Records from a data collection:
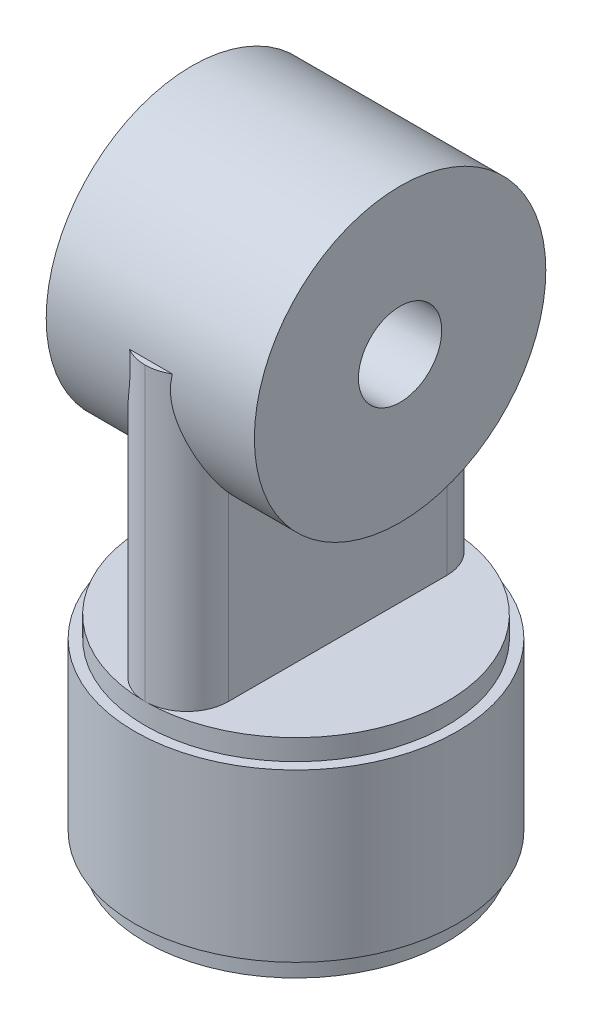
from build123d import *
from build123d.topology import SkipClean

# Parameters (mm, degrees)
BOSS_EXTRU_1_START      = 70
BOSS_EXTRU_1_DEPTH      = 70
BOSS_EXTRU_2_DEPTH      = 25
ESQUISSE7_R             = 10
ENL_V_MAT_EXTRU_1_DEPTH = 50
CONG_3_R                = 10
ECHELLE1_SCALE          = 0.25


with BuildPart() as part:
    # Esquisse1 → Révolution1 (revolve)
    with BuildSketch(Plane.XY, mode=Mode.PRIVATE) as r_volution1_sk:
        with BuildLine():
            Line((-5, 34.242293075), (-36.242368939, 34.242293075))
            Line((-36.242368939, 34.242293075), (-36.242368939, 39.242293075))
            Line((-36.242368939, 39.242293075), (-38.705375435, 39.242293075))
            Line((-38.705375435, 39.242293075), (-38.705375435, 79.242293075))
            Line((-38.705375435, 79.242293075), (-36.242368939, 79.242293075))
            Line((-36.242368939, 79.242293075), (-36.242368939, 84.242293075))
            Line((-36.242368939, 84.242293075), (-32, 84.242293075))
            Line((-32, 84.242293075), (0, 84.242293075))
            Line((0, 84.242293075), (0, 81.713773078))
            Line((0, 81.713773078), (-32, 81.713773078))
            Line((-32, 81.713773078), (-32, 51.242293075))
            ThreePointArc((-32, 51.242293075), (-31.414213562, 49.828079513), (-30, 49.242293075))
            Line((-30, 49.242293075), (-25, 49.242293075))
            Line((-25, 49.242293075), (-25, 46.233820065))
            Line((-25, 46.233820065), (-5, 46.233820065))
            Line((-5, 46.233820065), (-5, 34.242293075))
        make_face()
    revolve(r_volution1_sk.sketch.rotate(Axis((0, 190.222222222, 0), (0, -1, 0)), 270), axis=Axis((0, 190.222222222, 0), (0, -1, 0)))

    # Esquisse2 → Boss.-Extru.1 (add)
    with SkipClean():  # the faces are left unmerged after this step: merging them gives an invalid solid
        with BuildSketch(Plane(origin=(0, 84.242293075, 0), x_dir=(1, 0, 0), z_dir=(0, 1, 0)).offset(BOSS_EXTRU_1_START)):
            with BuildLine():
                Line((-10, 34.835460472), (-10, -34.835460472))
                ThreePointArc((-10, -34.835460472), (0, -36.242368939), (10, -34.835460472))
                Line((10, -34.835460472), (10, 34.835460472))
                ThreePointArc((10, 34.835460472), (0, 36.242368939), (-10, 34.835460472))
            make_face()
        extrude(amount=-BOSS_EXTRU_1_DEPTH)

    # Esquisse6 → Boss.-Extru.2 (add, symmetric)
    with SkipClean():  # the faces are left unmerged after this step: merging them gives an invalid solid
        with BuildSketch(Plane.ZY):
            with BuildLine():
                ThreePointArc((-34.835460472, 154.242293075), (0, 185.852500498), (34.835460472, 154.242293075))
                ThreePointArc((34.835460472, 154.242293075), (0, 115.852500498), (-34.835460472, 154.242293075))
            make_face()
        extrude(amount=BOSS_EXTRU_2_DEPTH, both=True)

    # Esquisse7 → Enlèv. mat.-Extru.1 (cut)
    with SkipClean():  # the faces are left unmerged after this step: merging them gives an invalid solid
        with BuildSketch(Plane.ZY.offset(25)):
            with Locations((0, 150.852500498)):
                Circle(ESQUISSE7_R)
        extrude(amount=-ENL_V_MAT_EXTRU_1_DEPTH, mode=Mode.SUBTRACT)

    # Congé3
    # the kernel refuses this fillet: 10 mm, written as the material it takes off along each edge
    with BuildSketch(Plane(origin=(10, 172.708919448, 34.835460472), x_dir=(-0.9902475852004595, 0, 0.1393187711855749), z_dir=(0, -1, 0))) as cong_3_piece_1_section:
        with BuildLine():
            CenterArc((8.705296899, 9.902475852), CONG_3_R, 188.0084284, 90)
            Line((-1.197178953, 8.50928814), (0, 0))
            ThreePointArc((0, 0), (5.049242305, -0.353450615), (10.098484611, 0))
        make_face()
    cong_3_piece_1 = extrude(amount=88.466626373, mode=Mode.PRIVATE)
    cong_3_piece_1 = cong_3_piece_1 - Plane(origin=(7.456754733, 150.852500498, 0), x_dir=(0, 0.09685121648897653, -0.9952988706235959), z_dir=(-1, 0, 0)) * Cylinder(35, 218, mode=Mode.PRIVATE)
    add(cong_3_piece_1, mode=Mode.SUBTRACT)
    with BuildSketch(Plane(origin=(10, 172.708919448, -34.835460472), x_dir=(-0.9902475852004589, 0, -0.13931877118558042), z_dir=(0, -1, 0))) as cong_3_piece_2_section:
        with BuildLine():
            CenterArc((8.705296899, -9.902475852), CONG_3_R, 81.9915716, 90)
            Line((-1.197178953, -8.50928814), (0, 0))
            ThreePointArc((0, 0), (5.049242305, 0.353450615), (10.098484611, 0))
        make_face()
    cong_3_piece_2 = extrude(amount=88.466626373, mode=Mode.PRIVATE)
    cong_3_piece_2 = cong_3_piece_2 - Plane(origin=(7.456771832, 150.852500498, 0), x_dir=(0, 0.09685121648897653, -0.9952988706235959), z_dir=(-1, 0, 0)) * Cylinder(35, 218, mode=Mode.PRIVATE)
    add(cong_3_piece_2, mode=Mode.SUBTRACT)
    with BuildSketch(Plane(origin=(-10, 172.708919448, -34.835460472), x_dir=(0.990247585200459, 0, -0.13931877118557906), z_dir=(0, -1, 0))) as cong_3_piece_3_section:
        with BuildLine():
            CenterArc((8.705296899, 9.902475852), CONG_3_R, 188.0084284, 90)
            Line((-1.197178953, 8.50928814), (0, 0))
            ThreePointArc((0, 0), (5.049242305, -0.353450615), (10.098484611, 0))
        make_face()
    cong_3_piece_3 = extrude(amount=88.466626373, mode=Mode.PRIVATE)
    cong_3_piece_3 = cong_3_piece_3 - Plane(origin=(-7.456771832, 150.852500498, 0), x_dir=(0, 0.09685121648897653, -0.9952988706235959), z_dir=(-1, 0, 0)) * Cylinder(35, 218, mode=Mode.PRIVATE)
    add(cong_3_piece_3, mode=Mode.SUBTRACT)
    with BuildSketch(Plane(origin=(-10, 172.708919448, 34.835460472), x_dir=(0.9902475852004595, 0, 0.1393187711855749), z_dir=(0, -1, 0))) as cong_3_piece_4_section:
        with BuildLine():
            CenterArc((8.705296899, -9.902475852), CONG_3_R, 81.9915716, 90)
            Line((-1.197178953, -8.50928814), (0, 0))
            ThreePointArc((0, 0), (5.049242305, 0.353450615), (10.098484611, 0))
        make_face()
    cong_3_piece_4 = extrude(amount=88.466626373, mode=Mode.PRIVATE)
    cong_3_piece_4 = cong_3_piece_4 - Plane(origin=(-7.456754733, 150.852500498, 0), x_dir=(0, 0.09685121648897653, -0.9952988706235959), z_dir=(-1, 0, 0)) * Cylinder(35, 218, mode=Mode.PRIVATE)
    add(cong_3_piece_4, mode=Mode.SUBTRACT)


with BuildPart() as part_1:
    # Echelle1: scaled about (0, 111.005849146, 2.25e-07)
    add(part.part.scale(ECHELLE1_SCALE).moved(Location((0, 83.25438686, 1.69e-07))))


solid = part_1.part

[What is expected]: Take the records above from their first line through the line with "39.242293075), (-38.705375435, 79.242293075))" and set those lines down word for word, minus the pictures.

[Your solution]:
from build123d import *
from build123d.topology import SkipClean

# Parameters (mm, degrees)
BOSS_EXTRU_1_START      = 70
BOSS_EXTRU_1_DEPTH      = 70
BOSS_EXTRU_2_DEPTH      = 25
ESQUISSE7_R             = 10
ENL_V_MAT_EXTRU_1_DEPTH = 50
CONG_3_R                = 10
ECHELLE1_SCALE          = 0.25


with BuildPart() as part:
    # Esquisse1 → Révolution1 (revolve)
    with BuildSketch(Plane.XY, mode=Mode.PRIVATE) as r_volution1_sk:
        with BuildLine():
            Line((-5, 34.242293075), (-36.242368939, 34.242293075))
            Line((-36.242368939, 34.242293075), (-36.242368939, 39.242293075))
            Line((-36.242368939, 39.242293075), (-38.705375435, 39.242293075))
            Line((-38.705375435, 39.242293075), (-38.705375435, 79.242293075))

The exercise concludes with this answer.